BEGIN DATA

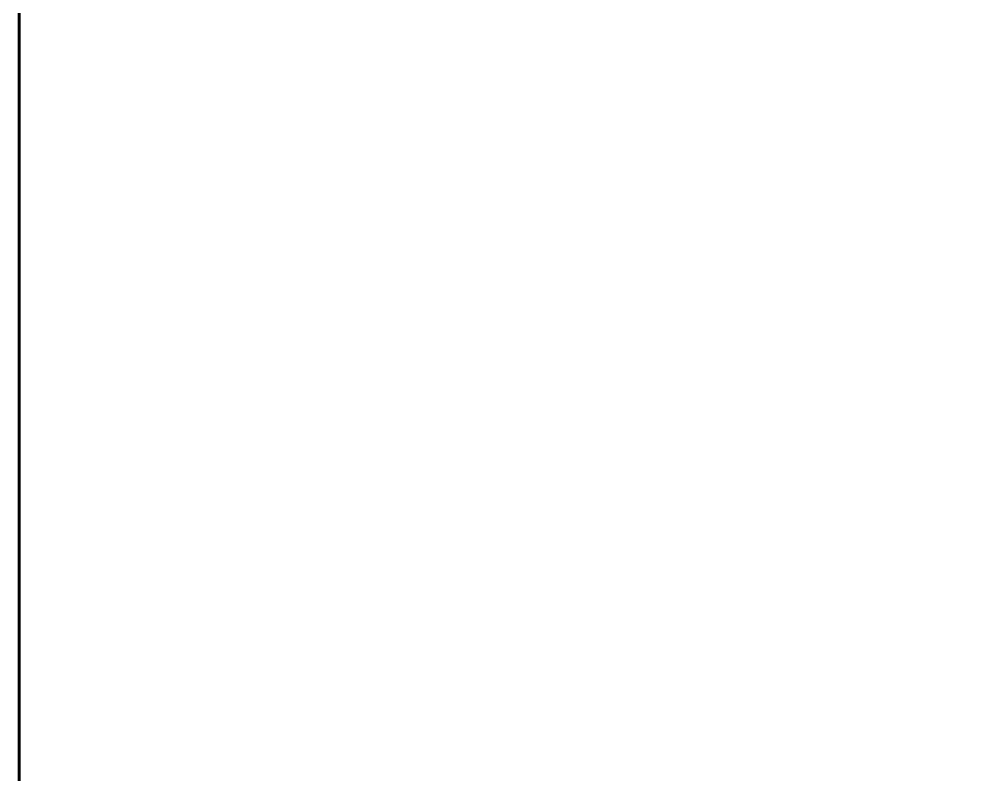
# Model space of a CAD drawing. Header units: inches. Extents: x -4169 to -1846, y 9706 to 12377.
# Drawn here: x -3497.92374 to -3497.91716, y 10969.17381 to 10969.17902 of the extents above; entities that cross this region are included whole.
import ezdxf

# ---------------------------------------------------------------- set-up
doc = ezdxf.new("R2010")
doc.units = ezdxf.units.IN
doc.header["$MEASUREMENT"] = 0
doc.layers.add('A-CLNG-PATT-1', color=35, linetype='Continuous', lineweight=18)
doc.layers.add('I-WALL-3', color=2, linetype='Continuous', lineweight=60)

msp = doc.modelspace()

# ---------------------------------------------------------------- hatches: boundary and pattern name
at = {"layer": 'A-CLNG-PATT-1'}
h = msp.add_hatch(dxfattribs=at)
h.set_pattern_fill('FP_27', color=256, style=0, pattern_type=2)
h.set_pattern_definition([(108.435, (4.16, 0), (-16.000521, 32.0003383), [6.072, -44.525]), (139.399, (2.24, 5.76), (-96.00016541, 79.9998798), [2.95, -144.562]), (136.848, (16, 7.68), (-240.00202852, 223.9982064), [7.018, -343.889]), (109.983, (10.88, 12.48), (-47.99971113, 127.99986808), [3.746, -183.53]), (90, (9.6, 0), (-16, 16), [3.2, -12.8]), (118.443, (9.6, 3.2), (112.0002199, -207.99937941), [8.734, -427.981]), (84.289, (5.44, 10.88), (-16.00092206, -143.99947947), [3.216, -157.582]), (129.806, (5.76, 14.08), (64.00060153, -80.0001644), [2.499, -122.465])])
h.paths.add_polyline_path([(-3478.2987367, 10949.9708646), (-3435.3237367, 10949.9708646), (-3435.3237367, 10968.9208646), (-3478.2987367, 10968.9208646), (-3478.2987367, 10952.9235535)], flags=0)
h.paths.add_polyline_path([(-3464.1839746, 10969.1708646), (-3435.3237367, 10969.1708646), (-3435.3237367, 11007.3208646), (-3497.9237367, 11007.3208646), (-3497.9237367, 10969.1708646), (-3479.956117, 10969.1708646)], flags=0)
h.paths.add_polyline_path([(-3497.8519354, 11007.5708646), (-3435.3237367, 11007.5708646), (-3435.3237367, 11026.5208646), (-3479.9237367, 11026.5208646), (-3479.9237367, 11026.1893961), (-3497.9237367, 11026.1893961), (-3497.9237367, 11007.5708646)], flags=0)

# ---------------------------------------------------------------- linework, layer by layer
at = {"layer": 'I-WALL-3'}
msp.add_line((-3497.9237367, 10969.4893961), (-3497.9237367, 10968.2143961), dxfattribs=at)

doc.saveas('drawing.dxf')
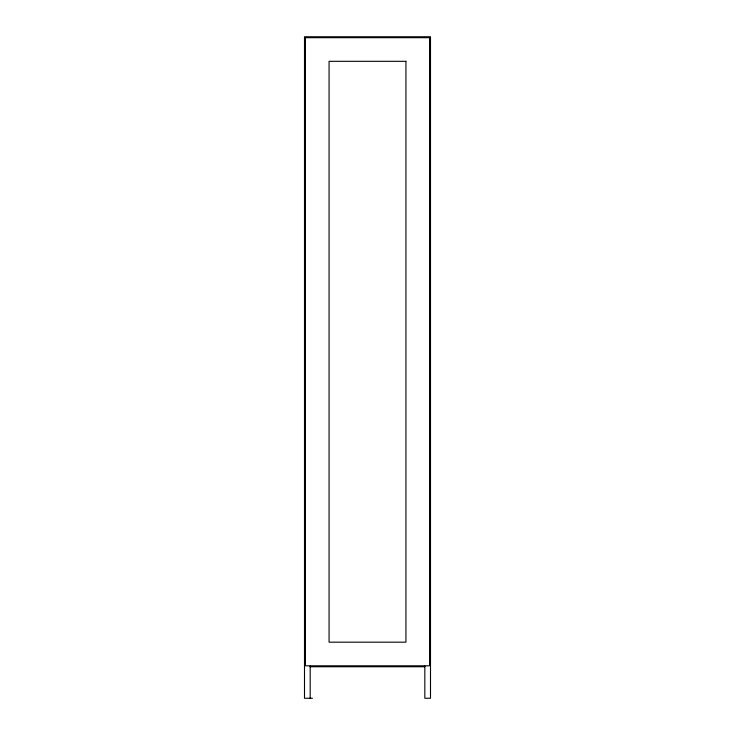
<?xml version="1.0" encoding="UTF-8"?>
<svg xmlns="http://www.w3.org/2000/svg" width="735" height="735" viewBox="0 0 735 735"><rect width="100%" height="100%" fill="white"/><g stroke="black" fill="none" stroke-linecap="round" stroke-linejoin="round"><path stroke-width="1.1" d="M310.17 666.746L424.83 666.746M312.504 698.25L304.501 698.25L304.501 36.75L430.499 36.75L430.499 698.25L424.83 698.25L424.83 666.094M310.17 666.094L310.17 698.25M429.552 37.696L305.448 37.696L305.448 665.809L429.552 665.809L429.552 37.696M405.931 61.317L329.069 61.317L329.069 642.179L405.931 642.179L405.931 61.317"/></g></svg>

END DATA

:: PROBLEM DETAILS ::
Search the data above for lines holding "color" and copy each of them.

:: EXERCISE OUTPUT ::
doc.layers.add('A-CLNG-PATT-1', color=35, linetype='Continuous', lineweight=18)
doc.layers.add('I-WALL-3', color=2, linetype='Continuous', lineweight=60)
h.set_pattern_fill('FP_27', color=256, style=0, pattern_type=2)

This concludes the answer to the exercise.